━━━ LISTED RECORDS
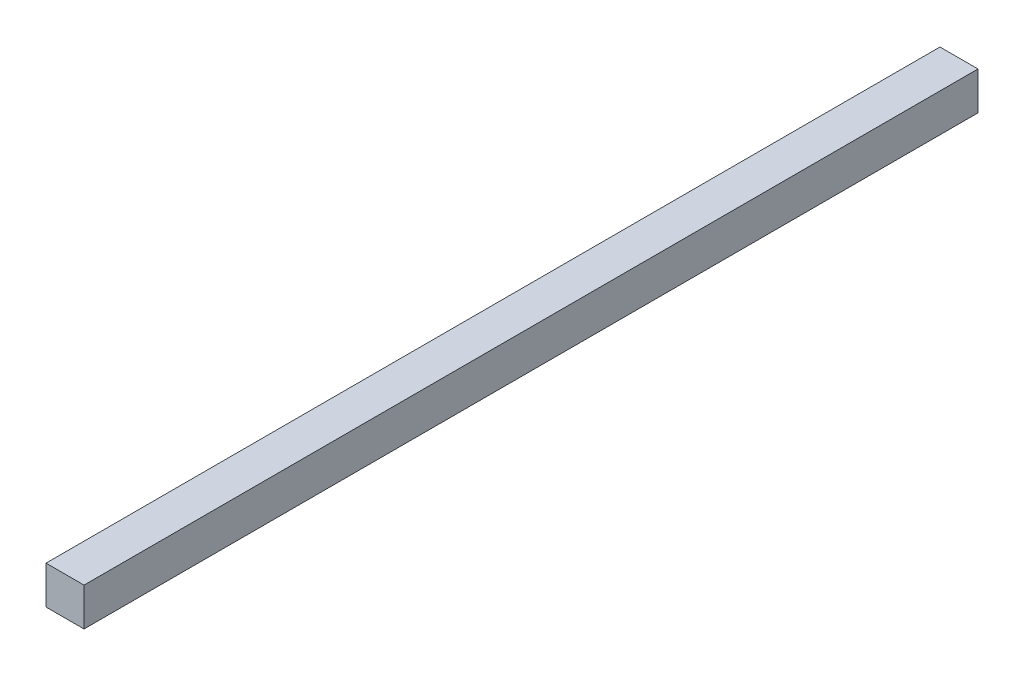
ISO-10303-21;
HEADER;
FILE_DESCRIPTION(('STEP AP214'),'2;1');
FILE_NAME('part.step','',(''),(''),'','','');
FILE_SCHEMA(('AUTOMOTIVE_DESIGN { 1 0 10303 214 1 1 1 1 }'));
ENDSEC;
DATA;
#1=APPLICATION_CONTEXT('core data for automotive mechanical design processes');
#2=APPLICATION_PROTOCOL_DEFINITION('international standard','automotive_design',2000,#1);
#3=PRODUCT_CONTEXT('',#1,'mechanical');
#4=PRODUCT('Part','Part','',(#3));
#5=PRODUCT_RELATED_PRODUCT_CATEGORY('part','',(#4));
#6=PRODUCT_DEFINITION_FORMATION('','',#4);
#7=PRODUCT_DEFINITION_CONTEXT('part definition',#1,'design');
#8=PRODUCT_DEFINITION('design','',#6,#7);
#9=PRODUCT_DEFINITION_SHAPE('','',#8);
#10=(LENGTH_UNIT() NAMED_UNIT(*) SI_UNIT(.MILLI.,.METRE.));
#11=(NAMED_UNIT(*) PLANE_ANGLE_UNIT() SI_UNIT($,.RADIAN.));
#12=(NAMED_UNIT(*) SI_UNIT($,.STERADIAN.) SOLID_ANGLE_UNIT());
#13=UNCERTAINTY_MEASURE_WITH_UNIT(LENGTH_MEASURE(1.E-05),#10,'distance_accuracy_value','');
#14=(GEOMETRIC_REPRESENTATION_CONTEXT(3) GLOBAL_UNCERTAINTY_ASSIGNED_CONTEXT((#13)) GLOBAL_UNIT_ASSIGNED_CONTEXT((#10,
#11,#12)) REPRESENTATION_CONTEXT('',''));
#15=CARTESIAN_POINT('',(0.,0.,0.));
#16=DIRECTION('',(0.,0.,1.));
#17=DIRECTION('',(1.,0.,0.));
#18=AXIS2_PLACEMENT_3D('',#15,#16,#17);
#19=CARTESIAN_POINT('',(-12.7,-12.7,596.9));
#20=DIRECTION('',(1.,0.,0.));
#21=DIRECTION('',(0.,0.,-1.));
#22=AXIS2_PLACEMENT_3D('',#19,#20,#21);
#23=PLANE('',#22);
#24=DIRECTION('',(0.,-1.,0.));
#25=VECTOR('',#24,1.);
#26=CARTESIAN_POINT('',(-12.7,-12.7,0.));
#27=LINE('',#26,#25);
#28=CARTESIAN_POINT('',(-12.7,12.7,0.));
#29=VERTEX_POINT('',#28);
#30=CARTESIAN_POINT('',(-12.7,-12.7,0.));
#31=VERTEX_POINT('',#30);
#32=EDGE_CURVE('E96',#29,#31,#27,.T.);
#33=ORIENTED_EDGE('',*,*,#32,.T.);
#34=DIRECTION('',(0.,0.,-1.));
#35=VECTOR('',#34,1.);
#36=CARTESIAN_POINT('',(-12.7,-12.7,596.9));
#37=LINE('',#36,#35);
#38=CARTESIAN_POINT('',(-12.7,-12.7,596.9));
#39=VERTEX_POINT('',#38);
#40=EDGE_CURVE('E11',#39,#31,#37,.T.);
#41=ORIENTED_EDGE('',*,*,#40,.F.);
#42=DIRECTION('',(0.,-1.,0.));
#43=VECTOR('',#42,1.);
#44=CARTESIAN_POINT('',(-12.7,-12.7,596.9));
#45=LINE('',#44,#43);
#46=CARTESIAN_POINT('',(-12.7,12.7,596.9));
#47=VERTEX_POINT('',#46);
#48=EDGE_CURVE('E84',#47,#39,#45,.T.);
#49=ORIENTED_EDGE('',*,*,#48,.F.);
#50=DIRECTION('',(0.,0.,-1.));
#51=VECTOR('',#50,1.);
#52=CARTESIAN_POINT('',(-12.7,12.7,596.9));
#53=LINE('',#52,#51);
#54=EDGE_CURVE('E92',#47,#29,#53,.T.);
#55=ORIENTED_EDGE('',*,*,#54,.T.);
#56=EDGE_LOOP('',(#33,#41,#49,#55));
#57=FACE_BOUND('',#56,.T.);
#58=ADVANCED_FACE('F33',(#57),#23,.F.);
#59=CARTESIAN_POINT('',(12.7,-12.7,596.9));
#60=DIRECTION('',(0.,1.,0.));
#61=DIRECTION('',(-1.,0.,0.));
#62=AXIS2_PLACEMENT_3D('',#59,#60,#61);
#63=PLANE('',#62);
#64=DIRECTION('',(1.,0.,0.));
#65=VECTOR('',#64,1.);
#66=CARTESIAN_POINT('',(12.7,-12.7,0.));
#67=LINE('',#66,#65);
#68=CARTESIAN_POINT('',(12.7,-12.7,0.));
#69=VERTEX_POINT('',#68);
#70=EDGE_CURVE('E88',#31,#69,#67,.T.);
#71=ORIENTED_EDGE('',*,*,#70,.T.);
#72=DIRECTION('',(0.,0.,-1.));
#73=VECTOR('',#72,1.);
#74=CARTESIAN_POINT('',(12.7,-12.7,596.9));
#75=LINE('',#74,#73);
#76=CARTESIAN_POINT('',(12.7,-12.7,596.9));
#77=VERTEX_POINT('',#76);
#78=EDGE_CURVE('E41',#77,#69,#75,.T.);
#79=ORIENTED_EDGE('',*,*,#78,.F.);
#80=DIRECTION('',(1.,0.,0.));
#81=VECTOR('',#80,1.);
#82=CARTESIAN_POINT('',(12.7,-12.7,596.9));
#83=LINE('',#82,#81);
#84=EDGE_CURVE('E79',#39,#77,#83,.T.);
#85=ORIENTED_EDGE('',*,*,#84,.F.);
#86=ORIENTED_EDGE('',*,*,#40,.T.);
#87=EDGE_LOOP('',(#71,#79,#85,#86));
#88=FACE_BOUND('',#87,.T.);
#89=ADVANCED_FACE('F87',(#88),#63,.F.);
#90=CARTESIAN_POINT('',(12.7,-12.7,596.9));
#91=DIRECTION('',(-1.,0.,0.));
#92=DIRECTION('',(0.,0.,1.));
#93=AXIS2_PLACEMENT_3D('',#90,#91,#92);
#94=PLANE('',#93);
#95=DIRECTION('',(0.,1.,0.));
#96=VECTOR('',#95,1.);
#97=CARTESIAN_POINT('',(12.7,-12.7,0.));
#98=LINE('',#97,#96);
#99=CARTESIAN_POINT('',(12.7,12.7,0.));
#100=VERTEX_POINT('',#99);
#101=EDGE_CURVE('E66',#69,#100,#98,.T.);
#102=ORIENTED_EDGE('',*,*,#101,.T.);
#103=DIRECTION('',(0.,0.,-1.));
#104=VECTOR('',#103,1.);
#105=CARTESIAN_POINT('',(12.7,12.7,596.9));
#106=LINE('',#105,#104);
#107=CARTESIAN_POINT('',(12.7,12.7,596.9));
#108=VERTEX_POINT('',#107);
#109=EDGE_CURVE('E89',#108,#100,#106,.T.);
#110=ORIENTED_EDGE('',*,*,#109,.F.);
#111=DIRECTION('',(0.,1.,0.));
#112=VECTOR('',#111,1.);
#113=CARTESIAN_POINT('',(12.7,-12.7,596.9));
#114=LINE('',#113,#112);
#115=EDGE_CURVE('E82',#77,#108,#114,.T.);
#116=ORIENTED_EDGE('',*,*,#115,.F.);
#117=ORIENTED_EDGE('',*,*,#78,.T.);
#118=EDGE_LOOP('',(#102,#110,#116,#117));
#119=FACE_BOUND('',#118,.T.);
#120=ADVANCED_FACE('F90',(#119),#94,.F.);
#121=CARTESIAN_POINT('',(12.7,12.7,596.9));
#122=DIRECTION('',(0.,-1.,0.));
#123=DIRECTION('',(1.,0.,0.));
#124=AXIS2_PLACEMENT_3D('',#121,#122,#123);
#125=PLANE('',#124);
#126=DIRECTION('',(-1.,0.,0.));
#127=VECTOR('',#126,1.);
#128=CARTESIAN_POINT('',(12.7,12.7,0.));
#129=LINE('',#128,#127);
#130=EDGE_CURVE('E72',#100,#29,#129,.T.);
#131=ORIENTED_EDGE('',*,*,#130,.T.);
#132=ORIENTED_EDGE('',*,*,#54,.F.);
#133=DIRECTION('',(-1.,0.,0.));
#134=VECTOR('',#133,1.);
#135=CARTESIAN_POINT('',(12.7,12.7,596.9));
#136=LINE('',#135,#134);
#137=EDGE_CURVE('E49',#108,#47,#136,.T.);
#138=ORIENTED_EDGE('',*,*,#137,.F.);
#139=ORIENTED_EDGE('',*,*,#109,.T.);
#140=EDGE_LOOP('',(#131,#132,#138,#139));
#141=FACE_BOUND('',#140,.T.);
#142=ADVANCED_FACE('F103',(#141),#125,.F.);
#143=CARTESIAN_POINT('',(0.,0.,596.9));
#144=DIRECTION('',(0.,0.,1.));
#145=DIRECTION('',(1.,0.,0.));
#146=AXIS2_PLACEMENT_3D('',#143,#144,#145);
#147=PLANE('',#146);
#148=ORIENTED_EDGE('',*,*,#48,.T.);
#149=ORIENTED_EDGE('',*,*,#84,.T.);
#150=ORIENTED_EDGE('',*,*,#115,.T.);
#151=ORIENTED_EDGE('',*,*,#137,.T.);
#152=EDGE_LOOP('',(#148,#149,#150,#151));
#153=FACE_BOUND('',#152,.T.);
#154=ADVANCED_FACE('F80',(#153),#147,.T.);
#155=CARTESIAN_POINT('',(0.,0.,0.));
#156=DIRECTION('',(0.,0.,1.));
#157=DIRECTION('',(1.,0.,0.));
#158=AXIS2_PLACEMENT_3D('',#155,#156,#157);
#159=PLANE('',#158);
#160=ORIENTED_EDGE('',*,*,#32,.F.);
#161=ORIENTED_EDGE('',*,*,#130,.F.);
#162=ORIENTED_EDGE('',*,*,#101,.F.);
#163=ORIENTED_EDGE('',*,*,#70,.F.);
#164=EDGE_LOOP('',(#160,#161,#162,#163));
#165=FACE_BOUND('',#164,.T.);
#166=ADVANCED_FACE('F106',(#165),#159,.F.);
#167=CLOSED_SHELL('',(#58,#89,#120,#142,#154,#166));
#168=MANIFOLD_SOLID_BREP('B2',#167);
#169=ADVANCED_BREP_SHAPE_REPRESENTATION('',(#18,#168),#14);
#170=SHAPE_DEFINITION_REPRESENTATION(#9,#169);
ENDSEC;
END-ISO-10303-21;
━━━━━━
» WHAT THIS TASK INVOLVES:
Only the lines that contain the string "VECTOR" should be copied from the entries above.

» ANSWER TO THIS TASK:
#25=VECTOR('',#24,1.);
#35=VECTOR('',#34,1.);
#43=VECTOR('',#42,1.);
#51=VECTOR('',#50,1.);
#65=VECTOR('',#64,1.);
#73=VECTOR('',#72,1.);
#81=VECTOR('',#80,1.);
#96=VECTOR('',#95,1.);
#104=VECTOR('',#103,1.);
#112=VECTOR('',#111,1.);
#127=VECTOR('',#126,1.);
#134=VECTOR('',#133,1.);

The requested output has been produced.